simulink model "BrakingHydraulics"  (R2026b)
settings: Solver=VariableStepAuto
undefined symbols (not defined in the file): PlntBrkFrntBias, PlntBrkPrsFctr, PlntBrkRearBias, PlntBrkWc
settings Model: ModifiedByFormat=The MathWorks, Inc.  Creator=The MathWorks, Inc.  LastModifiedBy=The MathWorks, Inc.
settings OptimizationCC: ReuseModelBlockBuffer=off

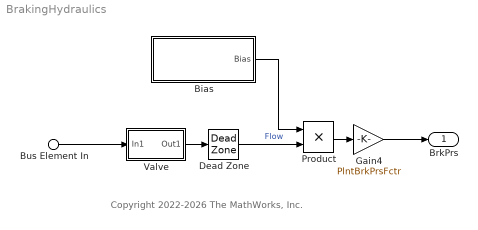
== system BrakingHydraulics ==
  note: Copyright 2022-2026 The MathWorks, Inc.
  Bus Element In : Inport  PortName=Cntrl  Element=Vcu.VcuBrkPrsCmd
  Bias : Subsystem  Variant=on  VariantControlMode=label  LabelModeActiveChoice=TwoAxleBraking
  Dead Zone : DeadZone  LowerValue=-inf  UpperValue=1e-3  ZeroCross=off
  Gain4 : Gain  Gain=PlntBrkPrsFctr
  Product : Product
  Valve : Subsystem  TreatAsAtomicUnit=on
  BrkPrs : Outport  VectorParamsAs1DForOutWhenUnconnected=off
  wires:
  Bias/1(Bias) -> Product/1
  Bus Element In/1 -> Valve/1(In1)
  Product/1 -> Gain4/1
  Dead Zone/1 -> Product/2  "Flow"
  Gain4/1 -> BrkPrs/1
  Valve/1(Out1) -> Dead Zone/1

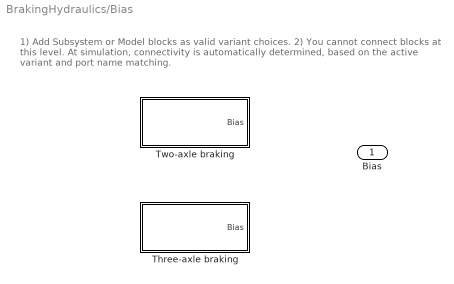
== system BrakingHydraulics/Bias ==
  note: 1) Add Subsystem or Model blocks as valid variant choices.
      | 2) You cannot connect blocks at this level. At simulation, connectivity is automatically
      | determined, based on the active variant and port name matching.
  Three-axle braking : Subsystem  VariantControl=ThreeAxleBraking
  Two-axle braking : Subsystem  VariantControl=TwoAxleBraking
  Bias : Outport

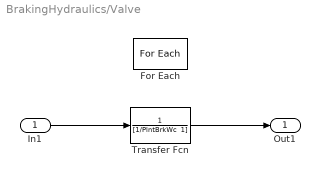
== system BrakingHydraulics/Valve ==
  In1 : Inport  Partition=on  PartitionDimension=1  PartitionWidth=1  PartitionOffset=0
  For Each : ForEach  DisableCoverage=on
  Transfer Fcn : TransferFcn  Denominator="[1/PlntBrkWc  1]"
  Out1 : Outport  ConcatenationDimension=1
  wires:
  In1/1 -> Transfer Fcn/1
  Transfer Fcn/1 -> Out1/1

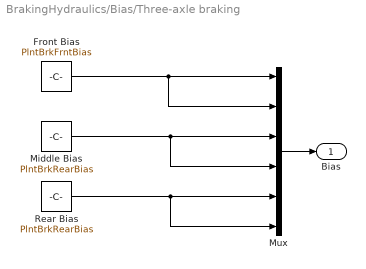
== system BrakingHydraulics/Bias/Three-axle braking ==
  Front Bias : Constant  Value=PlntBrkFrntBias  SampleTime=-1
  Middle Bias : Constant  Value=PlntBrkRearBias  SampleTime=-1
  Mux : Mux  Inputs=6
  Rear Bias : Constant  Value=PlntBrkRearBias  SampleTime=-1
  Bias : Outport
  wires:
  Rear Bias/1 -> Mux/6, Mux/5
  Front Bias/1 -> Mux/2, Mux/1
  Mux/1 -> Bias/1
  Middle Bias/1 -> Mux/4, Mux/3

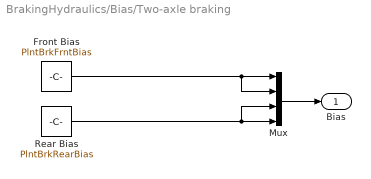
== system BrakingHydraulics/Bias/Two-axle braking ==
  Front Bias : Constant  Value=PlntBrkFrntBias  SampleTime=-1
  Mux : Mux
  Rear Bias : Constant  Value=PlntBrkRearBias  SampleTime=-1
  Bias : Outport
  wires:
  Rear Bias/1 -> Mux/3, Mux/4
  Front Bias/1 -> Mux/2, Mux/1
  Mux/1 -> Bias/1
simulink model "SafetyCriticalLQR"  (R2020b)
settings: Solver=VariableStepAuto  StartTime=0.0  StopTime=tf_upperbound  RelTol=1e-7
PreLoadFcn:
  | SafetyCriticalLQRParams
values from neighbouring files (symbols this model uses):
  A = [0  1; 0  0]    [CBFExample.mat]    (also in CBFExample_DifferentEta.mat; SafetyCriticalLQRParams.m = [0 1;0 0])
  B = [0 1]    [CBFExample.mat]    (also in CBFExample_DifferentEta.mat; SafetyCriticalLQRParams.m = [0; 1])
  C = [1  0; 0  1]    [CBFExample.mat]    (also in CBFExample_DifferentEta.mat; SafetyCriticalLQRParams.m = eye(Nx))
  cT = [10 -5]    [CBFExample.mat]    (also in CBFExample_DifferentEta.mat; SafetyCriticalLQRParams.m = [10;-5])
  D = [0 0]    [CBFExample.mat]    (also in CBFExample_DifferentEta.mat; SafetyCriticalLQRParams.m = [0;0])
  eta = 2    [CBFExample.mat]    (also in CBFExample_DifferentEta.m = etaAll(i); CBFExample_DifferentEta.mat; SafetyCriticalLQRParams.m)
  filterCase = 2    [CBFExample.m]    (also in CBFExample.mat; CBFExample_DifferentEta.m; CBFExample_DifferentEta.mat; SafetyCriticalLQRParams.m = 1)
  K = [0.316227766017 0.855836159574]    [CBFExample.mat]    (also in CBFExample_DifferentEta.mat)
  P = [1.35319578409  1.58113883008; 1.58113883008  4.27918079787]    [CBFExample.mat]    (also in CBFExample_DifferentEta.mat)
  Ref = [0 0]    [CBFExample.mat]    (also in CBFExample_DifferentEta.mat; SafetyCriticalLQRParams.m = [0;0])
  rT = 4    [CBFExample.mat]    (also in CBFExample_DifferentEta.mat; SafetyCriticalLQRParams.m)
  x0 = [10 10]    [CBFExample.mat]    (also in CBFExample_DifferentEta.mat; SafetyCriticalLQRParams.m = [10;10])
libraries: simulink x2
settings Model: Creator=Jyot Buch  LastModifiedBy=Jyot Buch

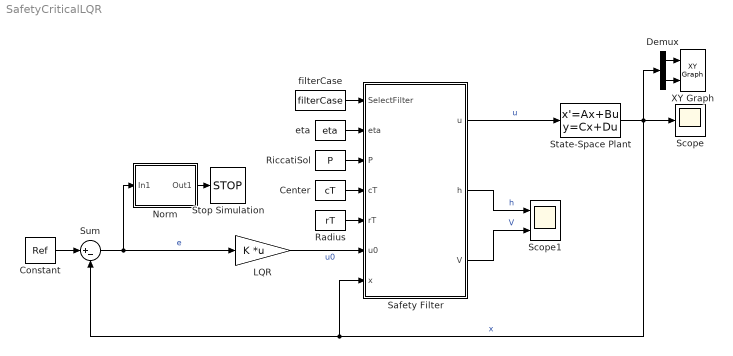
== system SafetyCriticalLQR ==
  Center : Constant  Value=cT
  Constant : Constant  Value=Ref
  Demux : Demux  Outputs=2
  LQR : Gain  Gain=K  Multiplication=Matrix(K*u) (u vector)
  Norm : Subsystem
  Radius : Constant  Value=rT
  RiccatiSol : Constant  Value=P
  Safety Filter : MATLAB Function  TreatAsAtomicUnit=on
  Scope : Scope
  Scope1 : Scope  NumInputPorts=2
  State-Space Plant : StateSpace  A=A  B=B  C=C  D=D  InitialCondition=x0
  Stop Simulation : Stop
  Sum : Sum  Inputs=|+-
  XY Graph : simulink/Sinks/XY Graph  xmin=-20  xmax=20  ymin=-15  ymax=15  st=-1
  eta : Constant  Value=eta
  filterCase : Constant  Value=filterCase
  wires:
  State-Space Plant/1 -> Safety Filter/7(x), Sum/2, Scope/1, Demux/1  "x"
  Constant/1 -> Sum/1
  Sum/1 -> LQR/1, Norm/1(In1)  "e"
  LQR/1 -> Safety Filter/6(u0)  "u0"
  Safety Filter/1(u) -> State-Space Plant/1  "u"
  Radius/1 -> Safety Filter/5(rT)
  Demux/2 -> XY Graph/2
  Demux/1 -> XY Graph/1
  filterCase/1 -> Safety Filter/1(SelectFilter)
  Center/1 -> Safety Filter/4(cT)
  RiccatiSol/1 -> Safety Filter/3(P)
  Safety Filter/2(h) -> Scope1/1  "h"
  Safety Filter/3(V) -> Scope1/2  "V"
  Norm/1(Out1) -> Stop Simulation/1
  eta/1 -> Safety Filter/2(eta)

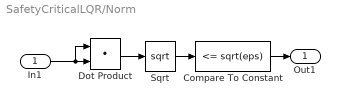
== system SafetyCriticalLQR/Norm ==
  In1 : Inport
  Compare To Constant : simulink/Logic and Bit Operations/Compare To Constant  relop=<=  const=sqrt(eps)  OutDataTypeStr=boolean
  Dot Product : DotProduct  InputSameDT=on  OutDataTypeStr=Inherit: Inherit via internal rule
  Sqrt : Sqrt  SaturateOnIntegerOverflow=on
  Out1 : Outport
  wires:
  In1/1 -> Dot Product/1, Dot Product/2
  Dot Product/1 -> Sqrt/1
  Sqrt/1 -> Compare To Constant/1
  Compare To Constant/1 -> Out1/1

== matlab function SafetyCriticalLQR/Safety Filter ==
  data: SelectFilter input; eta input; P input; cT input; rT input; u0 input; u output; x input; h output; V output
function [u,h,V] = fcn(SelectFilter,eta,P,cT,rT,u0,x)

% Compute h and V
h = (x(1)-cT(1))^2 + (x(2)-cT(2))^2 - rT^2;
V = x'*P*x;

% Select filter based on the specified case
switch SelectFilter
    case 1
        % Nominal LQR
        u = u0;
        
    case 2
        % CBF Only
        u = LOCALCBFQP(eta,h,cT,u0,x);
        
    otherwise
        % Openloop
        u = u0*0;
end
end

%% LOCALCBFQP
function u = LOCALCBFQP(eta,h,cT,u0,x)
% Inequality Safety Constraints for QP
% Aineq'*u <= bineq
Aineq = -2*(x(2)-cT(2));
bineq = 2*(x(1)-cT(1))*x(2) + eta*h;

% Solve QP
SolveQPCase = 1;
switch SolveQPCase
    case 1
        % Numerical Solution
        H = 1;
        f = -u0;
        opt = optimoptions('quadprog','Algorithm','active-set','Display','off');
        u = quadprog(H,f,Aineq,bineq,[],[],[],[],u0,opt);
        
    case 2
        % Explicit Solution
        rho = -bineq+Aineq*u0;
        if rho<=0
            zopt = 0;
        else
            zopt = -rho*Aineq/Aineq^2;
        end
        u = zopt+u0;
end
end
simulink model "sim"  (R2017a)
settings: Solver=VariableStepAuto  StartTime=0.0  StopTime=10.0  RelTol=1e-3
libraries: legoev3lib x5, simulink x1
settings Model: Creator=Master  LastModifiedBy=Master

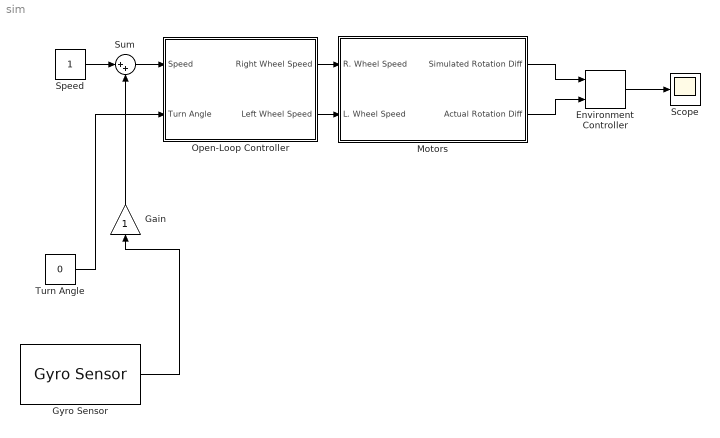
== system sim ==
  Environment Controller : simulink/Signal Routing/Environment Controller
      settings: SourceProductName=Simulink  SourceProductBaseCode=SL
  Gain : Gain
  Gyro Sensor : legoev3lib/Gyro Sensor  portNumber=1  sampleTime=0.1
      settings: SourceProductName=Simulink Support Package for LEGO MINDSTORMS EV3 Hardware  SourceProductBaseCode=LEGOEV3
  Motors : Subsystem  VariantControl=DoSim
  Open-Loop Controller : Subsystem
  Scope : Scope
  Speed : Constant  OutDataTypeStr=single  SampleTime=0.01
  Sum : Sum  Inputs=|++
  Turn Angle : Constant  Value=0  OutDataTypeStr=single  SampleTime=0.01
  wires:
  Sum/1 -> Open-Loop Controller/1(Speed)
  Gain/1 -> Sum/2
  Gyro Sensor/1 -> Gain/1
  Open-Loop Controller/1(Right Wheel Speed) -> Motors/1(R. Wheel Speed)
  Motors/1(Simulated Rotation Diff) -> Environment Controller/1
  Open-Loop Controller/2(Left Wheel Speed) -> Motors/2(L. Wheel Speed)
  Turn Angle/1 -> Open-Loop Controller/2(Turn Angle)
  Motors/2(Actual Rotation Diff) -> Environment Controller/2
  Speed/1 -> Sum/1
  Environment Controller/1 -> Scope/1

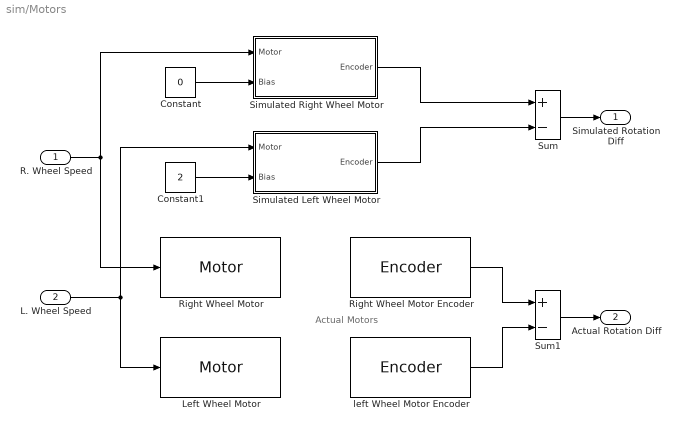
== system sim/Motors ==
  note: Actual
      | Motors
  R. Wheel Speed : Inport
  L. Wheel Speed : Inport  Port=2
  Constant : Constant  Value=0  OutDataTypeStr=single
  Constant1 : Constant  Value=2  OutDataTypeStr=single
  Left Wheel Motor : legoev3lib/Motor  sportNumber=A  sstopAction=Brake
  Right Wheel Motor : legoev3lib/Motor  sportNumber=D  sstopAction=Brake
  Right Wheel Motor Encoder : legoev3lib/Encoder  portNumber=D  opMode=Reset at each sample time  sampleTime=0.1
      settings: SourceProductName=Simulink Support Package for LEGO MINDSTORMS EV3 Hardware  SourceProductBaseCode=LEGOEV3
  Simulated Left Wheel Motor : Subsystem
  Simulated Right Wheel Motor : Subsystem
  Sum : Sum  Inputs=+-  OutDataTypeStr=Inherit: Same as first input
  Sum1 : Sum  Inputs=+-  OutDataTypeStr=Inherit: Same as first input
  left Wheel Motor Encoder : legoev3lib/Encoder  portNumber=A  opMode=Reset at each sample time  sampleTime=0.1
      settings: SourceProductName=Simulink Support Package for LEGO MINDSTORMS EV3 Hardware  SourceProductBaseCode=LEGOEV3
  Simulated Rotation Diff : Outport
  Actual Rotation Diff : Outport  Port=2
  wires:
  Sum1/1 -> Actual Rotation Diff/1
  left Wheel Motor Encoder/1 -> Sum1/2
  Right Wheel Motor Encoder/1 -> Sum1/1
  Sum/1 -> Simulated Rotation Diff/1
  Simulated Left Wheel Motor/1(Encoder) -> Sum/2
  Simulated Right Wheel Motor/1(Encoder) -> Sum/1
  R. Wheel Speed/1 -> Right Wheel Motor/1, Simulated Right Wheel Motor/1(Motor)
  L. Wheel Speed/1 -> Left Wheel Motor/1, Simulated Left Wheel Motor/1(Motor)
  Constant/1 -> Simulated Right Wheel Motor/2(Bias)
  Constant1/1 -> Simulated Left Wheel Motor/2(Bias)

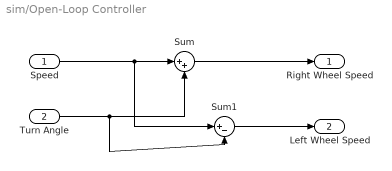
== system sim/Open-Loop Controller ==
  Speed : Inport
  Turn Angle : Inport  Port=2
  Sum : Sum  Inputs=|++  OutDataTypeStr=Inherit: Same as first input
  Sum1 : Sum  Inputs=|+-  OutDataTypeStr=Inherit: Same as first input
  Right Wheel Speed : Outport
  Left Wheel Speed : Outport  Port=2
  wires:
  Sum1/1 -> Left Wheel Speed/1
  Sum/1 -> Right Wheel Speed/1
  Turn Angle/1 -> Sum1/2, Sum/2
  Speed/1 -> Sum1/1, Sum/1

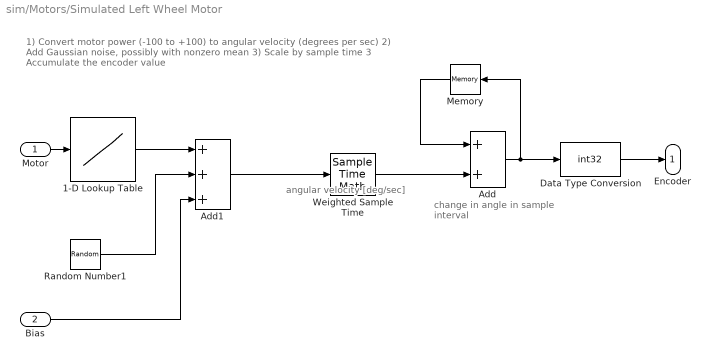
== system sim/Motors/Simulated Left Wheel Motor ==
  note: change in angle
      | in sample interval
  note: angular velocity
      | [deg/sec]
  note: 1) Convert motor power (-100 to +100) to angular velocity (degrees per sec)
      | 2) Add Gaussian noise, possibly with nonzero mean
      | 3) Scale by sample time
      | 3 Accumulate the encoder value
  Motor : Inport
  Bias : Inport  Port=2
  1-D Lookup Table : Lookup_n-D  NumberOfTableDimensions=1  BreakpointsForDimension1=[-100 0 100]  Table=[-360 0 360]  ExtrapMethod=Clip  UseLastTableValue=on  RndMeth=Simplest  InputSameDT=on
  Add : Sum  OutDataTypeStr=Inherit: Same as first input
  Add1 : Sum  Inputs=+++  OutDataTypeStr=single
  Data Type Conversion : DataTypeConversion  OutDataTypeStr=int32
  Memory : Memory  InheritSampleTime=on  LinearizeAsDelay=on
  Random Number1 : RandomNumber  Variance=5  Seed=randi(1000)
  Weighted Sample Time : SampleTimeMath  TsampMathOp=*
  Encoder : Outport
  wires:
  Data Type Conversion/1 -> Encoder/1
  Bias/1 -> Add1/3
  Weighted Sample Time/1 -> Add/2
  Add/1 -> Data Type Conversion/1, Memory/1
  Memory/1 -> Add/1
  Add1/1 -> Weighted Sample Time/1
  Motor/1 -> 1-D Lookup Table/1
  Random Number1/1 -> Add1/2
  1-D Lookup Table/1 -> Add1/1

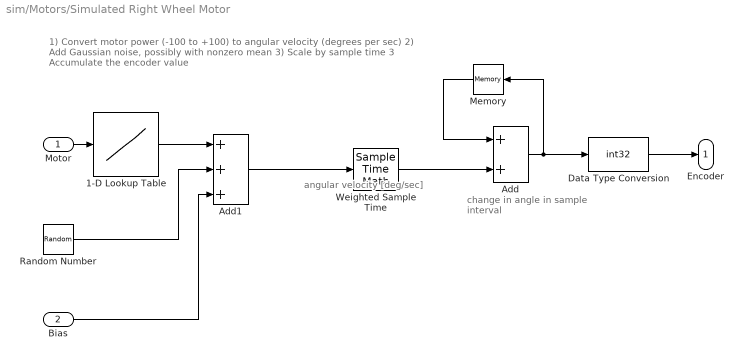
== system sim/Motors/Simulated Right Wheel Motor ==
  note: 1) Convert motor power (-100 to +100) to angular velocity (degrees per sec)
      | 2) Add Gaussian noise, possibly with nonzero mean
      | 3) Scale by sample time
      | 3 Accumulate the encoder value
  note: angular velocity
      |  [deg/sec]
  note: change in angle
      | in sample interval
  Motor : Inport
  Bias : Inport  Port=2
  1-D Lookup Table : Lookup_n-D  NumberOfTableDimensions=1  BreakpointsForDimension1=[-100 0 100]  Table=[-360 0 360]  ExtrapMethod=Clip  UseLastTableValue=on  RndMeth=Simplest  InputSameDT=on
  Add : Sum  AccumDataTypeStr=single  OutDataTypeStr=single
  Add1 : Sum  Inputs=+++  OutDataTypeStr=single
  Data Type Conversion : DataTypeConversion  OutDataTypeStr=int32
  Memory : Memory  InheritSampleTime=on  LinearizeAsDelay=on
  Random Number : RandomNumber  Variance=5  Seed=randi(1000)
  Weighted Sample Time : SampleTimeMath  TsampMathOp=*
  Encoder : Outport
  wires:
  Data Type Conversion/1 -> Encoder/1
  1-D Lookup Table/1 -> Add1/1
  Random Number/1 -> Add1/2
  Motor/1 -> 1-D Lookup Table/1
  Memory/1 -> Add/1
  Add/1 -> Data Type Conversion/1, Memory/1
  Weighted Sample Time/1 -> Add/2
  Bias/1 -> Add1/3
  Add1/1 -> Weighted Sample Time/1

────────

WHAT YOU HAVE TO DO —
Starting at the line above that holds "Three-axle braking : Subsystem", repeat every line exactly down to and including the line that holds "system BrakingHydraulics/Bias/Two-axle braking", then stop. Do not carry over any pictures.

SOLVED EXERCISE —
  Three-axle braking : Subsystem  VariantControl=ThreeAxleBraking
  Two-axle braking : Subsystem  VariantControl=TwoAxleBraking
  Bias : Outport

== system BrakingHydraulics/Valve ==
  In1 : Inport  Partition=on  PartitionDimension=1  PartitionWidth=1  PartitionOffset=0
  For Each : ForEach  DisableCoverage=on
  Transfer Fcn : TransferFcn  Denominator="[1/PlntBrkWc  1]"
  Out1 : Outport  ConcatenationDimension=1
  wires:
  In1/1 -> Transfer Fcn/1
  Transfer Fcn/1 -> Out1/1

== system BrakingHydraulics/Bias/Three-axle braking ==
  Front Bias : Constant  Value=PlntBrkFrntBias  SampleTime=-1
  Middle Bias : Constant  Value=PlntBrkRearBias  SampleTime=-1
  Mux : Mux  Inputs=6
  Rear Bias : Constant  Value=PlntBrkRearBias  SampleTime=-1
  Bias : Outport
  wires:
  Rear Bias/1 -> Mux/6, Mux/5
  Front Bias/1 -> Mux/2, Mux/1
  Mux/1 -> Bias/1
  Middle Bias/1 -> Mux/4, Mux/3

== system BrakingHydraulics/Bias/Two-axle braking ==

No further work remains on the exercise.